4. Conclusion The spatial and spectral behavior with nonuniform gain was studied in both weak and strong scattering random lasers. The previous time dependent theory of random laser is improved to nonuniform gain regime by introducing an independent electric field to describe the excitation pulse. The nonuniform gain of the 2D sample comes from the inherent multiple light scattering of
the pumping pulse. By use of the FDTD method, a numerical study on lasing behavior in 2D active random media was performed. Simulation results of a random system with uniform and nonuniform gain were compared, both in weak and strong scattering regime.
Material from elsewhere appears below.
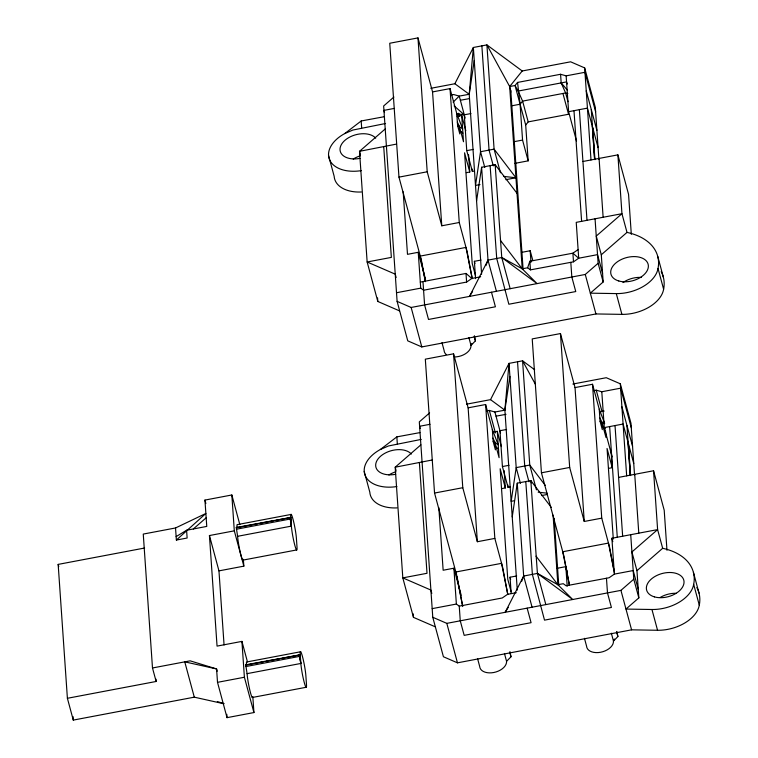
<?xml version="1.0" encoding="UTF-8"?>
<svg xmlns="http://www.w3.org/2000/svg" width="758" height="758" viewBox="0 0 758 758"><rect width="100%" height="100%" fill="white"/><g stroke="black" fill="none" stroke-linecap="round" stroke-linejoin="round"><path stroke-width="1.14" d="M481.614 274.216L469.221 94.276L473.352 47.479L486.911 44.911L522.215 70.977L570.622 61.805L584.664 67.898L595.314 107.371L598.896 159.379M517.278 590.112L504.875 410.182L509.016 363.385L522.575 360.817L534.646 369.733M510.56 92.931L510.788 90.704L509.67 86.545L486.911 44.911L494.093 149.146L500.47 172.777M275.921 520.291L290.797 517.477L291.394 526.118A13.748 1.308 79.3 0 0 294.786 545.144A13.748 1.308 79.3 0 0 296.994 546.888L296.397 538.256A13.748 1.308 79.3 0 0 293.005 519.23A13.748 1.308 79.3 0 0 290.797 517.477L236.269 527.483L237.605 536.304A13.748 1.308 79.3 0 0 240.258 552.345A13.748 1.308 79.3 0 0 243.138 560.01M451.001 95.044L453.682 94.532L459.244 96.105L469.221 94.276L474.252 60.498M486.655 410.94L489.346 410.429L494.898 412.001L504.875 410.182L509.907 376.404M476.574 200.974L481.605 167.262L495.163 164.694L517.022 193.309M512.228 516.88L517.269 483.168L530.827 480.6L551.274 507.367M281.948 658.285L300.263 654.817L299.751 657.101L300.86 663.458A13.748 1.308 79.3 0 0 304.252 682.484A13.748 1.308 79.3 0 0 306.459 684.228L305.862 675.596A13.748 1.308 79.3 0 0 302.47 656.57A13.748 1.308 79.3 0 0 300.263 654.817L245.734 664.823L247.07 673.644A13.748 1.308 79.3 0 0 249.723 689.685A13.748 1.308 79.3 0 0 252.604 697.351M472.585 291.442L469.524 296.397L488.01 260.136L501.758 257.512L522.224 268.815L527.606 267.782L529.861 261.235L572.896 253.191L578.117 249.6M485.935 265.622L488.01 260.136L481.605 167.262M521.589 581.519L523.664 576.042L517.269 483.168M471.931 343.402L470.993 345.411A13.748 8.556 -15.1 0 1 454.639 356.961M614.397 639.07L613.468 641.079A13.748 8.556 -15.1 0 1 600.611 652.259A13.748 8.556 -15.1 0 1 586.569 646.167L584.456 638.312M430.828 88.298L454.866 83.74L473.352 47.479L480.534 151.714L484.788 167.471M466.492 404.194L490.53 399.646L509.016 363.385L516.198 467.62L520.443 483.377M531.434 482.846L530.827 480.6L537.413 573.418L572.716 599.493L557.888 584.721L537.413 573.418L523.664 576.042L505.188 612.303L508.248 607.347M495.779 166.94L495.163 164.694L501.758 257.512L537.052 283.587L522.224 268.815L509.67 86.545L522.215 70.977M595.617 111.758L584.968 72.285L566.141 75.847L560.579 74.275L517.553 82.433L515.042 85.531L509.67 86.545M514.881 163.368L528.165 160.848L525.692 124.994L528.203 121.886L568.547 114.259L562.938 93.471M474.385 335.794L475.408 340.873L470.993 345.411L468.87 337.547M477.559 658.569L479.672 666.424A13.748 8.556 -15.1 0 0 493.714 672.517A13.748 8.556 -15.1 0 0 506.571 661.327L510.987 656.798L509.963 651.709M616.86 631.461L617.884 636.54L613.468 641.079L611.346 633.214M453.123 102.159L459.244 96.105L465.166 118.068M175.534 527.966L176.368 540.056L205.863 513.469L175.534 527.966L143.262 534.077L152.491 667.969L156.139 681.47L67.396 698.289L73.28 720.1L194.294 697.17L223.837 703.756M393.923 97.033L383.643 105.987L397.107 301.371L407.757 340.844L421.799 346.937L595.93 313.945L621.901 314.371A33.911 21.11 -15.1 0 0 663.62 289.234A64.714 40.288 -15.1 0 0 661.175 271.667M385.225 128.945L359.519 151.316L367.147 261.984L377.797 301.457L399.4 310.827M193.318 528.97L206.167 517.79M626.999 232.403A64.714 40.288 -15.1 0 1 658.02 268.455A33.911 21.11 -15.1 0 1 616.292 293.592L590.321 293.166L603.169 281.976L601.293 254.773L626.999 232.403L621.948 213.699L617.893 154.859L582.94 161.482M397.107 301.371L411.149 307.464L585.271 274.462L598.128 263.282L595.058 218.797M429.587 412.939L419.307 421.884L432.771 617.277L443.421 656.75L457.462 662.833L631.585 629.841L657.556 630.268A33.911 21.11 -15.1 0 0 699.283 605.14A64.714 40.288 -15.1 0 0 696.839 587.564M435.064 626.724L413.461 617.363L402.811 577.88L395.183 467.212L420.889 444.842M662.663 548.299A64.714 40.288 -15.1 0 1 693.674 584.361A33.911 21.11 -15.1 0 1 651.946 609.498L625.985 609.072L638.833 597.882L636.957 570.67L662.663 548.299L657.612 529.605L653.557 470.765L618.594 477.388M432.771 617.277L446.813 623.36L620.935 590.368L633.783 579.188L630.722 534.703M361.244 170.645A33.551 20.883 -15.1 0 1 329.664 159.957A33.551 20.883 -15.1 0 1 344.701 133.588L361.187 120.977L384.249 116.704M396.908 486.551A33.551 20.883 -15.1 0 1 365.328 475.863A33.551 20.883 -15.1 0 1 380.355 449.494L396.851 436.873L419.904 432.61M396.51 292.73L420.718 288.144L423.58 290.229L466.606 282.071L471.808 278.461L480.676 276.784M527.606 267.782L530.458 269.867L570.802 262.334L573.493 261.823L578.705 258.213L597.531 254.641L602.572 273.344M638.236 589.241L633.195 570.547L614.368 574.109L609.148 577.729L606.457 578.24L566.112 585.773L563.26 583.688L557.888 584.721L536.039 556.173M176.131 536.607L186.591 530.249L206.763 526.422L204.944 500.081L231.834 494.983L239.831 524.612M344.701 133.588L352.877 130.044L385.566 123.497M380.355 449.494L388.532 445.95L421.23 439.403M360.41 154.613L359.519 151.316L396.481 144.096M395.183 467.212L432.145 460.002M432.553 91.917L450.034 88.601L459.263 222.492L441.781 225.799L432.553 91.917L417.98 37.9L389.745 43.253L398.964 177.135L421.391 260.24L425.465 281.654M394.321 108.403L383.946 110.374L384.533 112.572M525.692 124.994L515.042 85.531L518.15 91.064L566.558 81.892L567.325 84.005M511.356 105.883L520.092 104.225L522.594 101.117L565.62 92.959L567.846 93.594M457.112 116.268L461.688 115.406L465.819 130.708M576.525 141.016L568.614 111.691L587.431 108.129L598.081 147.602M474.593 170.995L472.367 171.422L466.757 150.643L473.399 149.392M513.829 141.727L522.556 140.078L520.092 104.225L517.553 82.433M398.964 177.135L427.209 171.782L417.98 37.9M466.331 172.672L469.761 172.019L468.567 154.679M479.985 184.573L475.493 185.426L480.534 151.714L494.093 149.146L515.952 177.76L505.87 179.674M425.551 279.37L418.245 252.3L407.491 254.337L403.18 191.821M475.579 278.66L474.385 261.321L481.027 260.06M521.457 252.395L530.183 250.746L532.846 260.581M420.302 282.099L466.018 273.439L471.808 278.461M468.131 407.832L485.613 404.526L494.841 538.407L477.36 541.724L468.131 407.832L453.559 353.815L425.323 359.169L434.542 493.051L456.686 575.114M575.028 387.584L592.51 384.268L601.738 518.15L584.257 521.466L575.028 387.584L560.456 333.567L532.22 338.911L541.439 472.803L563.867 555.898L569.438 585.214L562.739 551.748L608.456 543.088L614.425 573.02M572.859 384.041L606.277 377.711L620.319 383.804L630.969 423.277L634.56 475.285M593.552 390.692L596.243 390.18L601.795 391.753L620.622 388.181L631.272 427.654M429.976 424.309L419.6 426.271L420.197 428.469M492.691 432.183L497.267 431.321L501.398 446.633M599.587 411.935L604.164 411.063M612.18 456.922L604.268 427.597L623.095 424.035L633.745 463.508M510.257 486.901L508.021 487.328L502.421 466.549L509.063 465.289M291.195 514.407L237.415 524.602A13.748 1.308 79.3 0 0 237.008 527.672L236.269 527.483M237.008 527.672L257.606 523.769M259.899 523.333L273.629 520.727M176.368 540.056L187.131 538.019L186.591 530.249M236.392 529.217L290.172 519.022L290.049 517.297M247.459 661.905L241.925 641.391L217.053 646.11L209.435 535.546L234.307 530.837L231.834 494.983M67.396 698.289L58.167 564.397L144.607 548.025M434.542 493.051L462.778 487.707L453.559 353.815M541.439 472.803L569.675 467.449L560.456 333.567M237.605 536.304L291.394 526.118L290.797 517.477M501.91 488.588L505.34 487.944L504.146 470.595M608.807 468.34L612.237 467.686L611.043 450.347M514.521 500.687L511.157 501.332L516.198 467.62L529.757 465.052L545.267 485.357M541.525 495.571L547.134 494.51M242.816 560.143L296.596 549.957M224.065 644.963L218.958 570.869L243.839 566.15L243.365 559.347M461.205 595.267L453.9 568.206L443.146 570.243L438.844 507.727M614.368 574.109L611.895 538.265L657.612 529.605L631.907 551.976L636.957 570.67M511.157 593.41L510.049 577.217L516.691 575.957M557.111 568.301L565.847 566.643L567.192 586.247M432.174 608.636L456.373 604.05L459.244 606.135L502.27 597.977L507.472 594.367L516.331 592.69M152.491 667.969L190.144 660.834L216.58 668.944L217.195 671.228M300.661 651.747L246.871 661.942A13.748 1.308 79.3 0 0 246.473 665.003L245.734 664.823M246.473 665.003L263.642 661.753M265.925 661.317L279.664 658.721M245.848 666.557L299.391 656.409L299.268 654.685M247.07 673.644L300.86 663.458L300.263 654.817M252.831 696.687L253.93 712.558L227.03 717.655L217.508 682.333L244.398 677.245L241.925 641.391M252.281 697.483L306.061 687.298M457.074 113.871L464.284 114.799L470.936 113.567M506.6 429.473L499.948 430.705L502.421 466.549M460.362 100.255L469.23 98.635M496.026 416.161L506.003 414.342M503.625 176.396L515.952 177.76M538.161 492.179L547.134 493.174M462.067 114.174L464.284 114.799L466.757 150.643M217.3 701.557L223.913 703.595M456.761 113.539L457.595 125.629L462.607 128.794L456.761 113.539L450.034 88.601M592.51 384.268L599.237 409.197L600.071 421.296L604.259 423.798M492.34 429.454L493.174 441.544L498.186 444.709L492.34 429.454L485.613 404.526M395.231 274.159L367.147 261.984L391.355 257.398L383.728 146.73M454.866 83.74L469.221 94.276M490.53 399.646L504.875 410.182M460.703 131.361L462.911 133.105M603.178 427.019L605.386 428.772M496.282 447.277L498.489 449.03M454.127 105.902L464.284 114.799M560.579 74.275L561.176 82.916L567.335 90.069M500.375 240.277L522.224 268.815M535.337 384.173L522.575 360.817L529.757 465.052L536.437 489.81M457.358 122.171L459.301 126.169L463.508 141.746L461.688 115.406M599.834 417.838L601.776 421.827L605.974 437.413L605.528 430.932M492.937 438.096L494.879 442.085L499.086 457.661L497.267 431.321M561.176 82.916L565.62 92.959L567.988 101.714M518.15 91.064L522.594 101.117L528.203 121.886M599.237 409.197L604.666 423.362M657.745 256.422L663.354 277.201M658.02 268.455L663.62 289.234M617.893 154.859L628.553 194.332L631.31 234.345M586.247 90.856L596.897 130.329M693.409 572.328L699.009 593.107M616.292 293.592L621.901 314.371M693.674 584.361L699.283 605.14M601.293 254.773L596.252 236.07L621.948 213.699L576.232 222.359L578.705 258.213L572.896 253.191L573.493 261.823M598.128 263.282L603.169 281.976M653.557 470.765L664.207 510.238L666.964 550.251M621.901 406.752L632.551 446.225M585.271 274.462L595.93 313.945M596.243 390.18L602.023 411.603M651.946 609.498L657.556 630.268M600.071 421.296L602.307 429.606L601.776 421.827M612.237 467.686L607.054 448.471L613.298 539.033M522.556 140.078L528.165 160.848M633.783 579.188L638.833 597.882M611.895 538.265L612.805 541.648M601.738 518.15L609.584 547.238L613.866 569.789M620.935 590.368L631.585 629.841M493.306 165.85L489.052 150.103L481.87 45.868M616.671 632.068L617.884 636.54M569.675 467.449L584.257 521.466M501.758 257.512L510.162 288.675M458.732 113.236L459.613 116.495M457.595 125.629L459.831 133.939L459.301 126.169M469.761 172.019L464.578 152.803L472.196 263.367L475.55 275.808M488.01 260.136L496.414 291.299M566.728 569.931L567.325 572.11M491.487 292.237L495.41 306.782L428.516 319.459L424.594 304.915L422.983 281.588M474.385 261.321L474.972 263.5M459.263 222.492L467.108 251.571L472.253 278.631M528.961 481.756L524.716 465.999L517.534 361.765M494.898 412.001L500.536 432.884M474.205 336.4L475.408 340.873M537.413 573.418L545.826 604.581M427.209 171.782L441.781 225.799M489.346 410.429L495.419 432.932M493.174 441.544L495.41 449.854L494.879 442.085M505.34 487.944L500.157 468.728L507.775 579.292L511.129 591.723M523.664 576.042L532.078 607.205M527.151 608.143L531.074 622.688L464.18 635.356L460.258 620.811L459.244 606.135M510.049 577.217L510.636 579.406M441.98 342.644L444.103 350.509A13.748 8.556 -15.1 0 0 446.197 354.488M494.841 538.407L502.687 567.496L507.832 594.547M509.783 652.325L510.987 656.798M462.778 487.707L477.36 541.724M411.149 307.464L421.799 346.937M504.449 653.472L506.571 661.327M395.534 275.287L396.14 277.542M328.555 155.504L334.164 176.282A33.551 20.883 -15.1 0 0 361.32 191.992M446.813 623.36L457.462 662.833M431.804 593.448L430.895 590.065L402.811 577.88L427.01 573.294L419.382 462.626M395.477 468.311L396.074 470.51M364.219 471.41L369.819 492.188A33.551 20.883 -15.1 0 0 396.974 507.898M234.307 530.837L243.839 566.15M204.944 500.081L205.863 503.501M209.435 535.546L218.958 570.869M244.398 677.245L253.93 712.558M194.294 697.17L184.762 661.848L216.58 668.944L217.508 682.333M58.167 564.397L58.754 566.586M299.391 656.409L300.86 663.458M472.177 278.508L465.99 247.421L420.273 256.081L425.314 281.417M507.756 594.433L501.569 563.336L455.852 571.996L462.731 606.542M456.97 576.156L462.541 605.471M290.172 519.022L291.394 526.118M525.787 481.548L532.372 574.393L544.519 620.139L611.412 607.461L607.49 592.917L606.457 578.24M490.123 165.651L496.717 258.487L508.855 304.233L575.758 291.555L571.826 277.011L570.802 262.334M634.73 474.328L638.786 533.168M628.42 443.771L630.609 475.569M627.994 442.198L630.268 475.181M620.319 383.804L626.667 475.853M599.076 158.422L603.131 217.271M615.022 425.56L622.65 536.228M592.756 127.865L594.954 159.663M592.339 126.292L594.604 159.275M609.65 426.574L617.277 537.251M584.664 67.898L591.003 159.957M601.795 391.753L604.268 427.597M579.368 109.654L586.995 220.322M573.986 110.677L581.613 221.345M566.141 75.847L568.614 111.691M554.145 518.32L558.769 585.347M553.094 515.108L557.888 584.721M530.183 250.746L530.979 262.268M529.861 261.235L530.458 269.867M510.788 90.704L523.105 269.45M507.86 485.006L508.021 487.328M472.206 169.1L472.367 171.422M466.018 273.439L466.606 282.071M453.9 568.206L456.373 604.05M418.245 252.3L420.718 288.144M413.214 613.828L413.461 617.363M396.851 436.873L397.325 443.809M377.56 297.922L377.797 301.457M361.187 120.977L361.67 127.912M226.803 714.311L227.03 717.655M155.977 679.121L156.139 681.47M73.033 716.575L73.28 720.1M630.305 475.294L626.951 425.456M594.642 159.398L591.287 109.55M360.022 158.356A19.244 11.986 -15.1 0 1 340.37 151.685A19.244 11.986 -15.1 0 1 352.745 135.729A19.244 11.986 -15.1 0 1 375.703 138.145M353.228 159.076A19.244 11.986 -15.1 0 1 360.363 155.816M622.981 282.573A19.244 11.986 -15.1 0 1 641.524 277.428M395.685 474.262A19.244 11.986 -15.1 0 1 376.025 467.591A19.244 11.986 -15.1 0 1 388.409 451.635A19.244 11.986 -15.1 0 1 411.367 454.051M388.892 474.982A19.244 11.986 -15.1 0 1 396.017 471.722M660.209 597.456A19.244 11.986 -15.1 0 1 676.259 593.287M618.774 280.972A19.244 11.986 -15.1 0 0 648.308 267.204A19.244 11.986 -15.1 0 0 621.513 259.407A19.244 11.986 -15.1 0 0 618.774 280.972M654.438 596.878A19.244 11.986 -15.1 0 0 683.972 583.11A19.244 11.986 -15.1 0 0 657.177 575.313A19.244 11.986 -15.1 0 0 654.438 596.878"/></g></svg>

For weak scattering regime, all the lasing modes correspond to the resonances of the passive system whether the inherent nonuniform gain is considered. The amount of the lasing peaks decreases and the frequency separation between them increases for the nonuniform gain case. For strong scattering regime, the result is quite different. The system transform from diffusive to localization as the multiple scattering process increase. Because the random laser action in localized state was determined by quasi-state modes, different spatial distribution of the lightwave will lead to a different mode structure. Once the inherent nonuniform gain is introduced, the spatial distribution of the emission changes, which will result in the creation of new lasing modes in the random system. Because the nonuniform gain caused by the multiple scattering of the pumping light is universal in all the random laser systems, we think our modified model produce more accurate results than the previous time dependent random laser theory.
Acknowledgment This work was supported by the Guangdong Natural Science Foundation (No. 2014A030313618) and the Foundation for Distinguished Young Talents in Higher Education of Guangdong, China (No. 2014KQNCX180).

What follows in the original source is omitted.